I’ve written frequently in this column about what to look out for when running a small business. What about what to look out for when buying the business in the first place? When we were shopping to buy a company in the mid-1990s, before we found Marlin Steel, three challenges cropped up repeatedly.

I'll get to other two in a minute, but the biggest problem was one I called "the Boca Raton problem." That is, most every seller we talked to basically wanted to make enough money to retire in Boca Raton, regardless of the value of their enterprise.

We met with many people who wanted 20 or 30 times the free cash flow of their business. An acceptable price is closer to three times free cash flow, or EBITDA--earnings before interest, tax, depreciation and amortization. The metric is used to assess the profitability of a company by separating out variables that aren’t part of the core business.

An exceptional company, with growing profitability, a good, stable management team and low customer concentration might be worth five times EBITDA. An enterprise with unique intellectual property or patents might attract seven times EBITDA. But for 95 percent of private small businesses, three to five times is market rate.

If a small floral shop has an EBITDA of $100,000 annually, for example, you might pay $300,000 for it, possibly $500,000 if it has a huge contract with a major hotel chain. But you’re not going to pay a couple million dollars. If you do, you’ll always be a cash bind.

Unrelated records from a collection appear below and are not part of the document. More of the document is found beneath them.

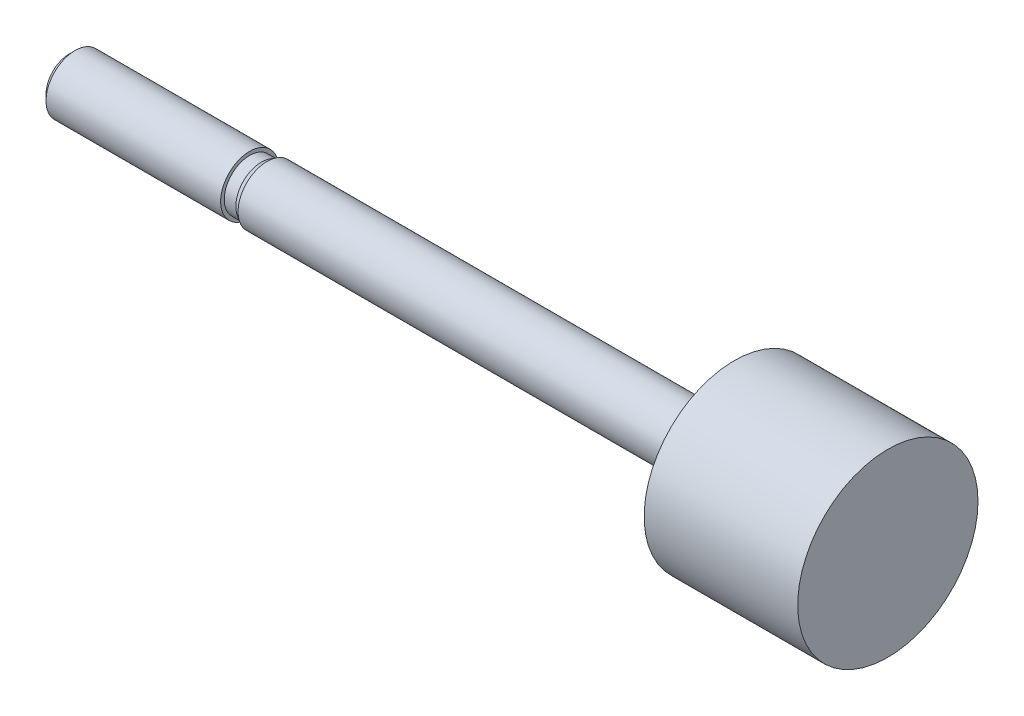
ISO-10303-21;
HEADER;
FILE_DESCRIPTION(('STEP AP214'),'2;1');
FILE_NAME('part.step','',(''),(''),'','','');
FILE_SCHEMA(('AUTOMOTIVE_DESIGN { 1 0 10303 214 1 1 1 1 }'));
ENDSEC;
DATA;
#1=APPLICATION_CONTEXT('core data for automotive mechanical design processes');
#2=APPLICATION_PROTOCOL_DEFINITION('international standard','automotive_design',2000,#1);
#3=PRODUCT_CONTEXT('',#1,'mechanical');
#4=PRODUCT('Part','Part','',(#3));
#5=PRODUCT_RELATED_PRODUCT_CATEGORY('part','',(#4));
#6=PRODUCT_DEFINITION_FORMATION('','',#4);
#7=PRODUCT_DEFINITION_CONTEXT('part definition',#1,'design');
#8=PRODUCT_DEFINITION('design','',#6,#7);
#9=PRODUCT_DEFINITION_SHAPE('','',#8);
#10=(LENGTH_UNIT() NAMED_UNIT(*) SI_UNIT(.MILLI.,.METRE.));
#11=(NAMED_UNIT(*) PLANE_ANGLE_UNIT() SI_UNIT($,.RADIAN.));
#12=(NAMED_UNIT(*) SI_UNIT($,.STERADIAN.) SOLID_ANGLE_UNIT());
#13=UNCERTAINTY_MEASURE_WITH_UNIT(LENGTH_MEASURE(1.E-05),#10,'distance_accuracy_value','');
#14=(GEOMETRIC_REPRESENTATION_CONTEXT(3) GLOBAL_UNCERTAINTY_ASSIGNED_CONTEXT((#13)) GLOBAL_UNIT_ASSIGNED_CONTEXT((#10,
#11,#12)) REPRESENTATION_CONTEXT('',''));
#15=CARTESIAN_POINT('',(0.,0.,0.));
#16=DIRECTION('',(0.,0.,1.));
#17=DIRECTION('',(1.,0.,0.));
#18=AXIS2_PLACEMENT_3D('',#15,#16,#17);
#19=CARTESIAN_POINT('',(70.36,7.75,0.));
#20=DIRECTION('',(-1.,0.,0.));
#21=DIRECTION('',(0.,0.,1.));
#22=AXIS2_PLACEMENT_3D('',#19,#20,#21);
#23=PLANE('',#22);
#24=CARTESIAN_POINT('',(70.36,0.,0.));
#25=DIRECTION('',(1.,0.,0.));
#26=DIRECTION('',(0.,0.,-1.));
#27=AXIS2_PLACEMENT_3D('',#24,#25,#26);
#28=CIRCLE('',#27,7.75);
#29=CARTESIAN_POINT('',(70.36,0.,-7.75));
#30=VERTEX_POINT('',#29);
#31=EDGE_CURVE('E67',#30,#30,#28,.T.);
#32=ORIENTED_EDGE('',*,*,#31,.T.);
#33=EDGE_LOOP('',(#32));
#34=FACE_BOUND('',#33,.T.);
#35=ADVANCED_FACE('F17',(#34),#23,.F.);
#36=CARTESIAN_POINT('',(0.,0.,0.));
#37=DIRECTION('',(1.,0.,0.));
#38=DIRECTION('',(0.,1.,0.));
#39=AXIS2_PLACEMENT_3D('',#36,#37,#38);
#40=PLANE('',#39);
#41=CARTESIAN_POINT('',(0.,0.,0.));
#42=DIRECTION('',(1.,0.,0.));
#43=DIRECTION('',(0.,0.,-1.));
#44=AXIS2_PLACEMENT_3D('',#41,#42,#43);
#45=CIRCLE('',#44,2.0095);
#46=CARTESIAN_POINT('',(0.,0.,-2.0095));
#47=VERTEX_POINT('',#46);
#48=EDGE_CURVE('E11',#47,#47,#45,.T.);
#49=ORIENTED_EDGE('',*,*,#48,.F.);
#50=EDGE_LOOP('',(#49));
#51=FACE_BOUND('',#50,.T.);
#52=ADVANCED_FACE('F101',(#51),#40,.F.);
#53=CARTESIAN_POINT('',(0.,0.,0.));
#54=DIRECTION('',(1.,0.,0.));
#55=DIRECTION('',(0.,0.,-1.));
#56=AXIS2_PLACEMENT_3D('',#53,#54,#55);
#57=CONICAL_SURFACE('',#56,2.0095,0.7853981634);
#58=ORIENTED_EDGE('',*,*,#48,.T.);
#59=EDGE_LOOP('',(#58));
#60=FACE_BOUND('',#59,.T.);
#61=CARTESIAN_POINT('',(0.4905,0.,0.));
#62=DIRECTION('',(1.,0.,0.));
#63=DIRECTION('',(0.,0.,-1.));
#64=AXIS2_PLACEMENT_3D('',#61,#62,#63);
#65=CIRCLE('',#64,2.5);
#66=CARTESIAN_POINT('',(0.4905,0.,-2.5));
#67=VERTEX_POINT('',#66);
#68=EDGE_CURVE('E28',#67,#67,#65,.T.);
#69=ORIENTED_EDGE('',*,*,#68,.F.);
#70=EDGE_LOOP('',(#69));
#71=FACE_BOUND('',#70,.T.);
#72=ADVANCED_FACE('F107',(#60,#71),#57,.T.);
#73=CARTESIAN_POINT('',(70.36,0.,0.));
#74=DIRECTION('',(-1.,0.,0.));
#75=DIRECTION('',(0.,0.,-1.));
#76=AXIS2_PLACEMENT_3D('',#73,#74,#75);
#77=CYLINDRICAL_SURFACE('',#76,2.5);
#78=CARTESIAN_POINT('',(15.5,0.,0.));
#79=DIRECTION('',(1.,0.,0.));
#80=DIRECTION('',(0.,0.,-1.));
#81=AXIS2_PLACEMENT_3D('',#78,#79,#80);
#82=CIRCLE('',#81,2.5);
#83=CARTESIAN_POINT('',(15.5,0.,-2.5));
#84=VERTEX_POINT('',#83);
#85=EDGE_CURVE('E81',#84,#84,#82,.T.);
#86=ORIENTED_EDGE('',*,*,#85,.F.);
#87=EDGE_LOOP('',(#86));
#88=FACE_BOUND('',#87,.T.);
#89=ORIENTED_EDGE('',*,*,#68,.T.);
#90=EDGE_LOOP('',(#89));
#91=FACE_BOUND('',#90,.T.);
#92=ADVANCED_FACE('F138',(#88,#91),#77,.T.);
#93=CARTESIAN_POINT('',(15.5,2.5,0.));
#94=DIRECTION('',(-1.,0.,0.));
#95=DIRECTION('',(0.,0.,1.));
#96=AXIS2_PLACEMENT_3D('',#93,#94,#95);
#97=PLANE('',#96);
#98=CARTESIAN_POINT('',(15.5,0.,0.));
#99=DIRECTION('',(1.,0.,0.));
#100=DIRECTION('',(0.,0.,-1.));
#101=AXIS2_PLACEMENT_3D('',#98,#99,#100);
#102=CIRCLE('',#101,2.19);
#103=CARTESIAN_POINT('',(15.5,0.,-2.19));
#104=VERTEX_POINT('',#103);
#105=EDGE_CURVE('E77',#104,#104,#102,.T.);
#106=ORIENTED_EDGE('',*,*,#105,.F.);
#107=EDGE_LOOP('',(#106));
#108=FACE_BOUND('',#107,.T.);
#109=ORIENTED_EDGE('',*,*,#85,.T.);
#110=EDGE_LOOP('',(#109));
#111=FACE_BOUND('',#110,.T.);
#112=ADVANCED_FACE('F131',(#108,#111),#97,.F.);
#113=CARTESIAN_POINT('',(70.36,0.,0.));
#114=DIRECTION('',(-1.,0.,0.));
#115=DIRECTION('',(0.,0.,-1.));
#116=AXIS2_PLACEMENT_3D('',#113,#114,#115);
#117=CYLINDRICAL_SURFACE('',#116,2.19);
#118=CARTESIAN_POINT('',(16.5,0.,0.));
#119=DIRECTION('',(1.,0.,0.));
#120=DIRECTION('',(0.,0.,-1.));
#121=AXIS2_PLACEMENT_3D('',#118,#119,#120);
#122=CIRCLE('',#121,2.19);
#123=CARTESIAN_POINT('',(16.5,0.,-2.19));
#124=VERTEX_POINT('',#123);
#125=EDGE_CURVE('E21',#124,#124,#122,.T.);
#126=ORIENTED_EDGE('',*,*,#125,.F.);
#127=EDGE_LOOP('',(#126));
#128=FACE_BOUND('',#127,.T.);
#129=ORIENTED_EDGE('',*,*,#105,.T.);
#130=EDGE_LOOP('',(#129));
#131=FACE_BOUND('',#130,.T.);
#132=ADVANCED_FACE('F78',(#128,#131),#117,.T.);
#133=CARTESIAN_POINT('',(16.5,0.,0.));
#134=DIRECTION('',(1.,0.,0.));
#135=DIRECTION('',(0.,0.,-1.));
#136=AXIS2_PLACEMENT_3D('',#133,#134,#135);
#137=CONICAL_SURFACE('',#136,2.19,0.5549957273);
#138=ORIENTED_EDGE('',*,*,#125,.T.);
#139=EDGE_LOOP('',(#138));
#140=FACE_BOUND('',#139,.T.);
#141=CARTESIAN_POINT('',(17.,0.,0.));
#142=DIRECTION('',(1.,0.,0.));
#143=DIRECTION('',(0.,0.,-1.));
#144=AXIS2_PLACEMENT_3D('',#141,#142,#143);
#145=CIRCLE('',#144,2.5);
#146=CARTESIAN_POINT('',(17.,0.,-2.5));
#147=VERTEX_POINT('',#146);
#148=EDGE_CURVE('E87',#147,#147,#145,.T.);
#149=ORIENTED_EDGE('',*,*,#148,.F.);
#150=EDGE_LOOP('',(#149));
#151=FACE_BOUND('',#150,.T.);
#152=ADVANCED_FACE('F121',(#140,#151),#137,.T.);
#153=CARTESIAN_POINT('',(70.36,0.,0.));
#154=DIRECTION('',(-1.,0.,0.));
#155=DIRECTION('',(0.,0.,-1.));
#156=AXIS2_PLACEMENT_3D('',#153,#154,#155);
#157=CYLINDRICAL_SURFACE('',#156,2.5);
#158=CARTESIAN_POINT('',(57.16,0.,0.));
#159=DIRECTION('',(1.,0.,0.));
#160=DIRECTION('',(0.,0.,-1.));
#161=AXIS2_PLACEMENT_3D('',#158,#159,#160);
#162=CIRCLE('',#161,2.5);
#163=CARTESIAN_POINT('',(57.16,0.,-2.5));
#164=VERTEX_POINT('',#163);
#165=EDGE_CURVE('E58',#164,#164,#162,.T.);
#166=ORIENTED_EDGE('',*,*,#165,.F.);
#167=EDGE_LOOP('',(#166));
#168=FACE_BOUND('',#167,.T.);
#169=ORIENTED_EDGE('',*,*,#148,.T.);
#170=EDGE_LOOP('',(#169));
#171=FACE_BOUND('',#170,.T.);
#172=ADVANCED_FACE('F116',(#168,#171),#157,.T.);
#173=CARTESIAN_POINT('',(57.16,2.5,0.));
#174=DIRECTION('',(1.,0.,0.));
#175=DIRECTION('',(0.,1.,0.));
#176=AXIS2_PLACEMENT_3D('',#173,#174,#175);
#177=PLANE('',#176);
#178=ORIENTED_EDGE('',*,*,#165,.T.);
#179=EDGE_LOOP('',(#178));
#180=FACE_BOUND('',#179,.T.);
#181=CARTESIAN_POINT('',(57.16,0.,0.));
#182=DIRECTION('',(1.,0.,0.));
#183=DIRECTION('',(0.,0.,-1.));
#184=AXIS2_PLACEMENT_3D('',#181,#182,#183);
#185=CIRCLE('',#184,7.75);
#186=CARTESIAN_POINT('',(57.16,0.,-7.75));
#187=VERTEX_POINT('',#186);
#188=EDGE_CURVE('E92',#187,#187,#185,.T.);
#189=ORIENTED_EDGE('',*,*,#188,.F.);
#190=EDGE_LOOP('',(#189));
#191=FACE_BOUND('',#190,.T.);
#192=ADVANCED_FACE('F120',(#180,#191),#177,.F.);
#193=CARTESIAN_POINT('',(70.36,0.,0.));
#194=DIRECTION('',(-1.,0.,0.));
#195=DIRECTION('',(0.,0.,-1.));
#196=AXIS2_PLACEMENT_3D('',#193,#194,#195);
#197=CYLINDRICAL_SURFACE('',#196,7.75);
#198=ORIENTED_EDGE('',*,*,#31,.F.);
#199=EDGE_LOOP('',(#198));
#200=FACE_BOUND('',#199,.T.);
#201=ORIENTED_EDGE('',*,*,#188,.T.);
#202=EDGE_LOOP('',(#201));
#203=FACE_BOUND('',#202,.T.);
#204=ADVANCED_FACE('F19',(#200,#203),#197,.T.);
#205=CLOSED_SHELL('',(#35,#52,#72,#92,#112,#132,#152,#172,#192,#204));
#206=MANIFOLD_SOLID_BREP('B1',#205);
#207=ADVANCED_BREP_SHAPE_REPRESENTATION('',(#18,#206),#14);
#208=SHAPE_DEFINITION_REPRESENTATION(#9,#207);
ENDSEC;
END-ISO-10303-21;

The second problem that surfaced too often was honesty--or lack of it. A restaurant supplier we examined wasn’t turning over sales tax to the state. We could tell from their books that they were collecting the tax, but the collection wasn’t showing as going out.

When we inquired about it, they said, "The state’s really lax about collecting it." Maybe so, but if this person was willing to be dishonest with a revenue authority that could put him in jail, how willingly dishonest would he be in a deal with me? We immediately walked away.

The third issue was due diligence about the seller's clients. We had another prospect, a company that made a little gadget. They were very profitable and their offer price was refreshingly rational. I was very enthusiastic, even as I kept asking myself: Where’s the wart? Well, we noticed a drop-off in sales in the most recent six months. We made some inquiries and discovered that their biggest customer, who represented nearly half their sales, had bought their own equipment to make what they had been purchasing from this company. The customer was basically in the process of "firing the vendor."

When pressed, the seller acknowledged the problem, but he had committed a lie of omission that we figured out only through our own due diligence. It was a frustrating waste of months of effort and thousands of dollars spent on accounting and legal fees to prepare paperwork. Even though his profitability suddenly didn’t seem so strong, the prospective seller didn’t want to budge on his price, so we ditched that deal.

I don’t know if that owner ever made it to Boca or not.